• TASK OBJECTIVE: Every line with "DOUT" in it should be copied from the data.

RECORDED DATA below:

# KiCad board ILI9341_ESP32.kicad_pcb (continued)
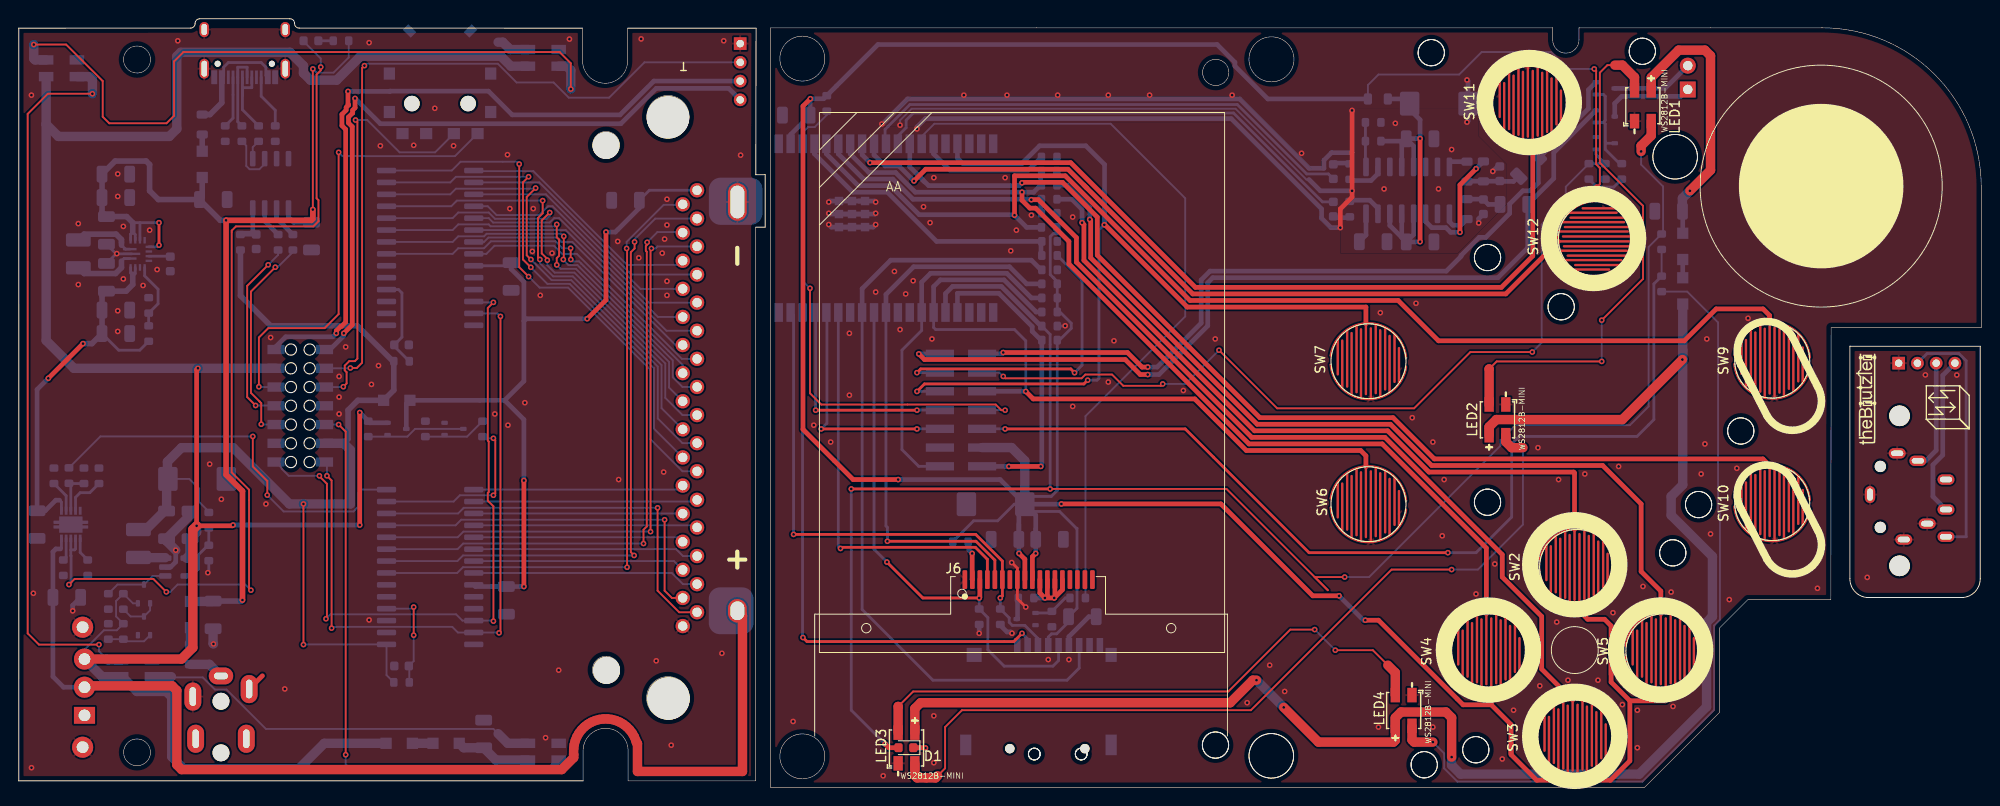
[diagram p0: board, top side]
## Nets
+3V3: C4.1 C9.1 C20.1 C26.1 C28.1 C30.1 C31.1 D5.2 FB1.1 J5.4 J6.9 J6.10 L1.2 R10.2 R11.2 R12.1 R14.2 R15.2 R16.2 R17.2 R18.2 R24.1 R26.2 R29.1 R39.1 R40.1 SW2.1 SW3.1 SW4.1 SW5.1 U3.2 U6.15 U8.4 U12.4
/V3: C10.1 R15.1 U1.8
GND: BT2.2 C1.2 C2.2 C3.2 C4.2 C5.2 C6.2 C7.2 C8.2 C9.2 C10.2 C11.2 C14.2 C15.2 C16.1 C19.2 C20.2 C21.1 C22.1 C23.2 C24.2 C25.2 C26.2 C27.2 C28.2 C29.2 C30.2 C31.2 C32.1 C33.1 C34.2 C35.2 C36.2 C37.2 C38.2 DC1.3 J1.A1 J1.A12 J1.B1 J1.B12 J1.S1 J3.1 J5.6 J5.G J6.1 J6.8 J7.32 J10.1 LED1.3 LED2.3 LED3.3 LED4.3 LED5.3 LED6.3 LED7.3 LED8.3 Q2.2 Q6.2 Q8.2 Q9.2 R2.2 R4.1 R5.2 R9.2 R13.2 R19.2 R20.2 R21.2 R22.2 R23.2 R27.2 R33.2 R36.2 R37.2 R45.2 R47.2 R48.1 R49.1 R50.2 R51.1 R53.2 R54.1 R56.1 R59.2 SW1.4 SW1.5 SW6.1 SW7.1 SW9.1 SW10.1 SW11.1 SW12.1 U1.3 U2.2 U3.1 U3.15 U3.38 U3.39 U4.2 U4.11 U4.15 U5.10 U5.15 U5.16 U5.17 U6.10 U6.16 U6.17 U7.C U8.3 U9.5 U9.11 U11.2 U11.4 U11.6 U11.10 U11.15 U12.3
/AUDIO/AUDIO_DETECT: J3.2 U12.12
/AUDIO/AUDIO_LEFT: J3.3 U12.13
/AUDIO/AUDIO_RIGHT: J3.4 U12.14
/CHARGER_EN: R55.2 U6.28
/D+: R7.2 U1.1
/D-: R6.1 U1.2
/DC_JACK: DC1.1
/DMG_CARD/CARD_A0: J7.6 U5.1
/DMG_CARD/CARD_A1: J7.7 U5.2
/DMG_CARD/CARD_A2: J7.8 U5.3
/DMG_CARD/CARD_A3: J7.9 U5.4
/DMG_CARD/CARD_A4: J7.10 U5.5
/DMG_CARD/CARD_A5: J7.11 U5.6
/DMG_CARD/CARD_A6: J7.12 U5.7
/DMG_CARD/CARD_A7: J7.13 U5.8
/DMG_CARD/CARD_A8: J7.14 U5.21
/DMG_CARD/CARD_A9: J7.15 U5.22
/DMG_CARD/CARD_A10: J7.16 U5.23
/DMG_CARD/CARD_A11: J7.17 U5.24
/DMG_CARD/CARD_A12: J7.18 U5.25
/DMG_CARD/CARD_A13: J7.19 U5.26
/DMG_CARD/CARD_A14: J7.20 U5.27
/DMG_CARD/CARD_A15: J7.21 U5.28
/DMG_CARD/CARD_CLK: J7.2 U6.21
/DMG_CARD/CARD_D0: J7.22 U6.1
/DMG_CARD/CARD_D1: J7.23 U6.2
/DMG_CARD/CARD_D2: J7.24 U6.3
/DMG_CARD/CARD_D3: J7.25 U6.4
/DMG_CARD/CARD_D4: J7.26 U6.5
/DMG_CARD/CARD_D5: J7.27 U6.6
/DMG_CARD/CARD_D6: J7.28 U6.7
/DMG_CARD/CARD_D7: J7.29 U6.8
/DMG_CARD/CARD_SCL: U5.12 U6.12 U12.1
/DMG_CARD/CARD_SDA: U5.13 U6.13 U12.2
/DMG_CARD/CARD_VCC: C23.1 C24.1 C25.1 D5.1 J7.1 Q5.3 U5.9 U6.9
/DMG_CARD/CARD_VIN: J7.31 U6.26
/DMG_CARD/CARD_VOLTAGE: Q5.1 Q6.3 R34.2
/DMG_CARD/CARD_~{CS}: J7.5 U6.24
/DMG_CARD/CARD_~{RD}: J7.4 U6.23
/DMG_CARD/CARD_~{RES}: J7.30 U6.25
/DMG_CARD/CARD_~{WR}: J7.3 U6.22
/EN: U12.8
/FRONT_BUTTONS/AudioLEFT: C17.2 Q3.2 U8.13
/FRONT_BUTTONS/AudioRIGHT: C18.2 Q7.2 U8.14
/FRONT_BUTTONS/CLK: J5.5 J6.3 R27.1 U3.30
/FRONT_BUTTONS/EN: R16.1 U3.3 U8.8
/FRONT_BUTTONS/I2C_CLK: R10.1 U3.26 U8.1
/FRONT_BUTTONS/I2C_SDA: R11.1 U3.23 U8.2
/FRONT_BUTTONS/KEY_A: SW11.2 U3.8
/FRONT_BUTTONS/KEY_B: SW12.2 U3.9
/FRONT_BUTTONS/KEY_DOWN: R32.2 SW5.2
/FRONT_BUTTONS/KEY_LEFT: R37.1 R38.1 SW3.2 U3.6
/FRONT_BUTTONS/KEY_MENU: SW7.2 U3.16 U8.9
/FRONT_BUTTONS/KEY_OPTION: R17.1 SW6.2 U3.25 U8.10
/FRONT_BUTTONS/KEY_RIGHT: R38.2 SW2.2
/FRONT_BUTTONS/KEY_SELECT: SW10.2 U3.12
/FRONT_BUTTONS/KEY_START: R14.1 SW9.2 U3.5
/FRONT_BUTTONS/KEY_UP: R21.1 R32.1 SW4.2 U3.7
/FRONT_BUTTONS/LCD_BCKL: R46.1 U3.13
/FRONT_BUTTONS/LCD_DC: J6.4 U3.33
/FRONT_BUTTONS/LCD_~{CS}: J6.5 R18.1 U3.29
/FRONT_BUTTONS/LED: D1.2 LED1.4 R19.1 R41.1 U3.24
/FRONT_BUTTONS/MOSI: J5.3 J6.6 R45.1 U3.37
/FRONT_BUTTONS/RXD: U3.34 U8.5
/FRONT_BUTTONS/SD_MISO: J5.7 R22.1 U3.31
/FRONT_BUTTONS/SD_~{CS}: J5.2 U3.36
/FRONT_BUTTONS/SOUND_LEFT: C12.1 U3.11
/FRONT_BUTTONS/SOUND_RIGHT: C13.1 U3.10
/FRONT_BUTTONS/SPK+: LS1.2 Q7.3
/FRONT_BUTTONS/SPK-: LS1.1 Q3.3
/FRONT_BUTTONS/SPK_~{EN}: Q8.1 R40.2 R47.1 U8.12
/FRONT_BUTTONS/TXD: U3.35 U8.7
/FRONT_BUTTONS/V_BAT_ADC: R35.2 R36.1 U3.4
/FRONT_BUTTONS/V_BATT: R35.1 U8.11
/FRONT_BUTTONS/xLED: LED8.4 U12.6
/KEY_MENU: U7.A U12.9
/KEY_OPTION: U7.S U12.10
/RXD: R43.1 U12.5
/STAT1: D4.1 U9.7 U9.8
/TXD: R44.1 U12.7
/V_BATT: C8.1 D7.2 LED5.1 LED6.1 LED7.1 Q5.2 Q10.2 R34.1 R58.1 R60.1 SW1.3 U2.4 U12.11
/VUSB: C1.1 C2.1 C11.1 C19.1 C34.1 C35.1 D2.1 D3.1 R57.1 U1.5 U11.1 U11.12 U11.13 U11.14
Net-(BT1-+): BT1.1 C3.1 J9.1 SW1.2 U9.10
Net-(C12-Pad2): C12.2 R3.1
Net-(C13-Pad2): C13.2 R8.1
Net-(C15-Pad1): C15.1 C18.1 FB3.2 FB4.2
Net-(C16-Pad2): C16.2 C17.1 FB2.2
Net-(D1-K): D1.1 R20.1
Net-(D2-A): D2.2 FB7.2
Net-(D3-A): D3.2 FB6.2
Net-(D4-A): D4.2 R57.2
Net-(D6-A): D6.2 D7.1
Net-(D6-K): C27.1 D6.1 LED8.1
Net-(D11-A): D11.2 D12.1
Net-(D11-K): C29.1 D11.1 LED1.1
Net-(D12-A): D12.2 LED2.1 LED3.1 LED4.1
Net-(DC1-Pad2): DC1.2 FB7.1
Net-(FB6-Pad1): FB6.1 J1.A4 J1.A9 J1.B4 J1.B9
Net-(J1-CC1): J1.A5 R4.2
Net-(J1-CC2): J1.B5 R5.1
Net-(J1-D+-PadA6): J1.A6 J1.B6 R7.1
Net-(J1-D--PadA7): J1.A7 J1.B7 R6.2
Net-(J2-Pin_1): CN1.1 CN1.5 CN1.8 J2.1
Net-(J2-Pin_2): CN1.6 J2.2
Net-(J2-Pin_3): CN1.3 J2.3
Net-(J2-Pin_4): CN1.2 J2.4
Net-(J6-Pin_2): J6.2 R26.1
Net-(J6-Pin_11): J6.11 J6.12 J6.13 J6.14 R28.2
Net-(LED1-DOUT): LED1.2 LED2.4
Net-(LED2-DOUT): LED2.2 LED3.4
Net-(LED3-DOUT): LED3.2 LED4.4
Net-(LED4-DOUT): LED4.2 R42.1
Net-(LED5-DIN): LED5.4 LED6.2
Net-(LED6-DIN): LED6.4 LED7.2
Net-(LED7-DIN): LED7.4 LED8.2
Net-(Q2-B): Q2.1 R23.1 R46.2
Net-(Q2-C): Q2.3 R28.1
Net-(Q3-G): Q3.1 Q7.1 Q8.3 R39.2
Net-(Q6-B): Q6.1 R30.2 R33.1
Net-(Q9-B): Q9.1 R59.1 R60.2
Net-(Q10-D): Q10.3 R9.1 U2.1
Net-(Q10-G): Q9.3 Q10.1 R58.2
Net-(R41-Pad2): R41.2 R42.2 U8.6
Net-(U1-RXD): R44.2 U1.7
Net-(U1-TXD): R43.2 U1.6
Net-(U2-FB): R12.2 R13.1 U2.5
Net-(U2-SW): L1.1 U2.3
Net-(U3-IO12): R56.2 U3.14
Net-(U4-+OUT_L): FB2.1 U4.1
Net-(U4-+OUT_R): FB3.1 U4.16
Net-(U4--OUT_L): FB4.1 U4.3
Net-(U4-INL): R3.2 U4.7
Net-(U4-INR): R8.2 U4.10
Net-(U4-MODE): R1.2 R2.1 U4.9
Net-(U4-PVDDL): C5.1 C6.1 C7.1 FB1.2 R1.1 U4.4 U4.5 U4.6 U4.12 U4.13
Net-(U4-VREF): C14.1 U4.8
Net-(U5-~{RESET}): C21.2 R24.2 U5.18
Net-(U6-GPA6): R30.1 U6.27
Net-(U6-~{RESET}): C22.2 R29.2 U6.18
Net-(U9-CHM_TMR): R49.2 U9.6
Net-(U9-IN): C32.2 C33.2 C37.1 C38.1 R52.2 U9.1 U11.7 U11.8
Net-(U9-ISET): R50.1 U9.2
Net-(U9-TS): R53.1 U9.4
Net-(U9-VSET): R48.2 U9.9
Net-(U9-~{CE}): R54.2 R55.1 U9.3
Net-(U11-FB): R51.2 R52.1 U11.5
Net-(U11-L1): L2.1 U11.11
Net-(U11-L2): L2.2 U11.9
Net-(U11-Vaux): C36.1 U11.3

Pads without a net: CN1 4; DC1 4 5; J1 A8 B8; J5 1 8 CD; J6 7 15 16 17 18; LED5 2; SW1 1; U1 4; U3 17 18 19 20 21 22 27 28 32; U4 14; U5 11 14 19 20; U6 11 14 19 20; U7 B

## Via types
v1: diameter 0.6, hole 0.3, Top to Bottom, 324 vias

## Routing (per net, layer and track width the routed paths; a pad name or vN(x,y) marks a point on that pad's centre or on a via; arc(x,y) is an arc through that point)
+3V3: length 492.6
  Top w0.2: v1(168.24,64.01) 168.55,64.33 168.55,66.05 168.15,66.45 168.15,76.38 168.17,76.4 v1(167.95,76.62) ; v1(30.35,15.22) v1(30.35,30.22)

End of RECORDED DATA.

• RESPONSE TO THIS EXERCISE:
Net-(LED1-DOUT): LED1.2 LED2.4
Net-(LED2-DOUT): LED2.2 LED3.4
Net-(LED3-DOUT): LED3.2 LED4.4
Net-(LED4-DOUT): LED4.2 R42.1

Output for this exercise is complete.